December 12, 2014

Dec 12: FastMail's MySQL Replication: Multi-Master, Fault Tolerance, Performance. Pick Any Three

Historical

Alfie John

This blog post is part of the FastMail 2014 Advent Calendar.

The previous post on 11th December was from our support team. The following post on 13th December is about hosting your own domain with us.

Technical level: medium

For those who prefer watching videos over reading, here’s a talk I gave at Melbourne Perl Mongers in 2011 on FastMail’s open-sourced, custom MySQL replication system.

Most online services store their data within a database, and thanks to the culture of Open Source, these days there are plenty of robust RDBMs to choose from. At FastMail, we use a Percona build of MySQL 5.1 because of their customised tooling and performance patches (If you haven’t heard of Percona, I recommend trying them out). However, even though MySQL 5.1 is a great platform to work with, we do something differently here - we don’t use its built-in replication system and instead opted to roll our own.

First, what’s the problem with running an online service on a single database? The most important reason against this is the lack of redundancy. If your database catches on fire or as what happens more often the oom-killer chooses to zap your database server as it’s usually the biggest memory hog on a machine, none of your applications can continue without their needed data and so your service is taken offline. By using multiple databases, when a single database server is downed, your applications still have the others to chose from and connect to.

Another reason against using a single database for your online service is degraded performance - as more and more applications connect and perform work, your database’s server load increases. Once a server can’t take the requested load any longer, you’re left with query timeout responses and even refused connections, which again takes your service offline. By using multiple database servers, you can tell your applications to spread their load across the database farm thus reducing the work a single database server has to cope with, while gaining an upshot in performance for free across the board.

Clearly the best practice is to have multiple databases, but why re-invent the wheel? Mention replication to a veteran database admin and then prepare yourself a nice cup of hot chocolate while they tell your horror stores from the past as if you’re sitting around a camp fire. We needed to re-invent the wheel because there are a few fundamental issues with MySQL’s built-in replication system.

When you’re working with multiple databases and problems arise in your replication network, your service can grind to a halt and possibly take you offline until every one of your database servers back up and replicating happily again. We never wanted to be put in a situation like this and so wanted the database replication network itself to be redundant. By design, MySQL’s built-in replication system couldn’t give us that.

What we wanted was a database replication network where every database server could be a “master”, all at the same time. In other words, all database servers could be read and written to by all connecting applications. Each time an update occurred on any master, the query would then be replicated to all the other masters. MySQL’s built-in replication system allows for this, but it comes with a very high cost - it is a nightmare to manage if a single master was downed.

To achieve master-master replication with more than two masters, MySQL’s built-in replication system needs the servers be configured in a ring network topology. Every time an updated occurs on a master, it executes the query locally, then passes it off to the next server in the ring, which applies the query to its local database, and so on - much like participants playing pass-the-parcel. And this works nicely and is in place in many companies. The nightmares begin however if a single database server is downed, thus breaking the ring. Since the path of communication is broken, queries stop travelling around the replication network and data across every database server begin to get stale.

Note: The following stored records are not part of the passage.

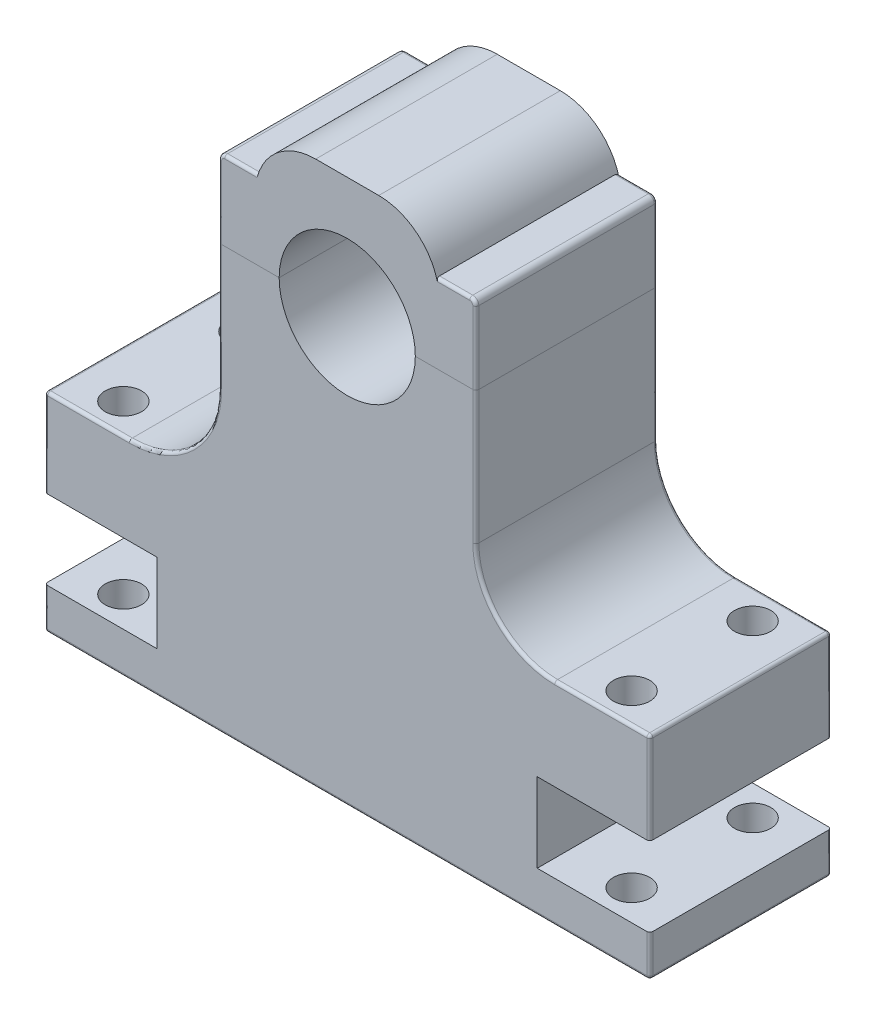
SolidWorks part; units mm, degrees
ref_plane "Plan de face" through (0, 0, 0) normal (0, 0, 1) x (1, 0, 0)
ref_plane "Plan de dessus" through (0, 0, 0) normal (0, 1, 0) x (1, 0, 0)
ref_plane "Plan de droite" through (0, 0, 0) normal (1, 0, 0) x (0, 0, -1)
sketch "Esquisse1" plane through (0, 0, 0) normal (0, 0, 1) x (1, 0, 0)
  line L0 (0, 0) -> (1000, 0)
  line L1 (1000, 0) -> (1000, 150)
  line L3 (0, 144.3329) -> (0, 0)
  line L4 (287.5, 374.9177) -> (287.5, 630)
  line L5 (352.5, 700) -> (647.5, 700)
  line L6 (712.5, 630) -> (712.5, 375)
  line L7 (0, 144.3329) -> (139.9789, 144.3329)
  line L8 (287.5, 291.854) -> (287.5, 374.9177)
  line L9 (1000, 150) -> (842.778, 150)
  line L10 (712.5, 375) -> (712.5, 280.278)
  line L11 (647.5, 700) -> (647.5, 630)
  line L12 (647.5, 630) -> (712.5, 630)
  line L13 (500, 500) -> (500, 0) construction
  line L16 (287.5, 630) -> (352.5, 630)
  line L17 (352.5, 700) -> (352.5, 630)
  circle A2 centre (500, 500) radius 112.5
  arc A3 (139.9789, 144.3329) -> (287.5, 291.854) centre (139.9789, 291.854) ccw
  arc A4 (842.778, 150) -> (712.5, 280.278) centre (842.778, 280.278) cw
  point P6 (320, 630)
  dimension "D1" = 225
  dimension "D2" = 500
  dimension "D3" = 65
  dimension "D4" = 700
  dimension "D5" = 65
  dimension "D6" = 287.5
  dimension "D7" = 1000
  dimension "D8" = 287.5
  dimension "D9" = 70
  dimension "D10" = 70
extrude "Boss.-Extru.1" add sketch "Esquisse1" against normal blind 300
sketch "Esquisse2" plane through (0, 144.3329, 0) normal (0, 1, 0) x (1, 0, 0)
  line L0 (139.9789, 300) -> (0, 300) construction
  line L1 (139.9789, 0) -> (0, 0) construction
  line L2 (0, 300) -> (0, 0) construction
  circle A0 centre (80, 250) radius 30
  circle A1 centre (80, 50) radius 30
  dimension "D1" = 60
  dimension "D2" = 60
  dimension "D3" = 50
  dimension "D4" = 50
  dimension "D5" = 80
  dimension "D6" = 80
extrude "Enlèv. mat.-Extru.1" cut sketch "Esquisse2" against normal blind 500
fillet "Congé3" radius 100 2 edges at (352.5, 700, -150) (647.5, 700, -150)
fillet "Congé4" radius 10 2 edges at (287.5, 630, -150) (712.5, 630, -150)
sketch "Esquisse3" plane through (0, 150, 0) normal (0, 1, 0) x (1, 0, 0)
  line L0 (1000, 300) -> (842.778, 300) construction
  line L1 (1000, 0) -> (842.778, 0) construction
  line L2 (1000, 300) -> (1000, 0) construction
  circle A0 centre (920, 250) radius 30
  circle A1 centre (920, 50) radius 30
  dimension "D1" = 60
  dimension "D2" = 60
  dimension "D3" = 50
  dimension "D4" = 50
  dimension "D5" = 80
  dimension "D6" = 80
extrude "Enlèv. mat.-Extru.2" cut sketch "Esquisse3" against normal through all
sketch "Esquisse6" plane through (0, 0, 0) normal (0, 0, 1) x (1, 0, 0)
  line L0 (0, 0) -> (0, -200)
  line L1 (0, -200) -> (1000, -200)
  line L2 (1000, -200) -> (1000, 0)
  line L3 (0, 0) -> (1000, 0) construction
  line L4 (0, 0) -> (1000, 0)
  point P0 (1000, -200)
  dimension "D1" = 200
extrude "Boss.-Extru.2" add sketch "Esquisse6" against normal blind 300
sketch "Esquisse7" plane through (0, 0, 0) normal (0, 1, 0) x (1, 0, 0)
  circle A0 centre (80.6625, 253.0556) radius 33.1266
  circle A1 centre (80, 50) radius 30
  circle A3 centre (920, 250) radius 30
  circle A4 centre (920, 50) radius 30 construction
  circle A5 centre (920, 50) radius 30
extrude "Enlèv. mat.-Extru.4" cut sketch "Esquisse7" against normal blind 300
ref_plane "Plan2" through (500, 0, 0) normal (1, 0, 0) x (0, 0, -1)
sketch "Esquisse11" plane through (0, 630, 0) normal (0, 1, 0) x (1, 0, 0)
  line L0 (352.5, 300) -> (297.5, 300) construction
  line L1 (500, -165) -> (500, 165) construction
  circle A0 centre (325, 260) radius 20
  circle A1 centre (675, 260) radius 20
  circle A2 centre (325, 60) radius 20
  circle A3 centre (675, 60) radius 20
  dimension "D1" = 40
  dimension "D2" = 40
  dimension "D3" = 2
fillet "Congé6" radius 5 30 edges at (921.389, 150, 0) (675, 630, 0) (709.5711, 627.0711, 0) (712.5, 450.139, 0) (921.389, 150, -300) (675, 630, -300) (709.5711, 627.0711, -300) (712.5, 450.139, -300) (325, 630, -300) (290.4289, 627.0711, -300) (287.5, 455.927, -300) (244.2921, 187.5409, -300) (325, 630, 0) (290.4289, 627.0711, 0) (69.9895, 144.3329, 0) (244.2921, 187.5409, 0) (1000, -200, -150) (500, -200, -300) (0, -200, -150) (500, -200, 0) (750.6576, 188.1576, 0) (1000, 150, -150) (1000, -25, 0) (1000, -25, -300) (750.6576, 188.1576, -300) (69.9895, 144.3329, -300) (0, -27.8335, -300) (0, 144.3329, -150) (0, -27.8335, 0) (287.5, 455.927, 0)
ref_plane "Plan1" through (0, 500, 0) normal (0, -1, 0) x (-1, 0, 0)
split "Fractionner1" trim tools "Plan1" bodies to split 107 resulting bodies 108 109
sketch "Esquisse12" plane through (0, 0, -300) normal (0, 0, -1) x (-1, 0, 0)
  line L0 (0, 139.3329) -> (0, -195) construction
  line L1 (-186, -1) -> (264.7288, -1)
  line L2 (-186, -1) -> (-186, -132)
  line L3 (-186, -132) -> (264.7288, -132)
  line L4 (264.7288, -1) -> (264.7288, -132)
  line L5 (39.3644, -132) -> (39.3644, -1) construction
  line L6 (-186, -66.5) -> (264.7288, -66.5) construction
  line L7 (-995, -195) -> (-5, -195) construction
  line L8 (-500, 165) -> (-500, -165) construction
  line L9 (-814, -132) -> (-1264.7288, -132)
  line L10 (-1264.7288, -1) -> (-1264.7288, -132)
  line L11 (-814, -1) -> (-1264.7288, -1)
  line L12 (-814, -1) -> (-814, -132)
  point P72 (39.3644, -66.5)
  dimension "D1" = 186
  dimension "D2" = 131
  dimension "D3" = 63
extrude "Enlèv. mat.-Extru.5" cut sketch "Esquisse12" against normal through all

Instead, our MySQL replication system (MySQL::Replication) is based on a peer-to-peer design. Each database server runs its own MySQL::Replication daemon which serves out its local database updates. They then run a separate MySQL::Replication client for each master it wants a feed from (think of a mesh network topology). Each time a query is executed on a master, the connected MySQL::Replication clients take a copy and applies it locally. The advantage here is that when a database server is downed, only that single feed is broken. All other communication paths continue as normal, and query flow across the database replication network continue as if nothing ever happened. And once the downed server comes back online, the MySQL::Replication clients notice and continue where they left off. Win-win.

Another issue with MySQL’s built-in replication system is that a slave’s position relative to its master is recorded in a plain text-file called relay-log.info which is not atomically synced to disk. Once a slave dies and comes back online, files may be in an inconsistent state. If the InnoDB tablespace was flushed to disk before the crash but relay-log.info wasn’t, the slave will restart replication from an incorrect position and so will replay queries, leaving your data in an invalid state.

MySQL::Replication clients store their position relative to their masters inside the InnoDB tablespace itself (sounds recursive, but it’s not since there is no binlogging of MySQL::Replication queries). As updates are done within the same transaction as replicated queries are executed in, writes are completely atomic. Once a slave dies and comes back online, we are still in a consistent state since either the transaction was committed or it will be rolled back. It’s a nice place to be in.

MySQL::Replication - multi-master, peer-to-peer, fault tolerant, performant and without the headaches. It can be found here.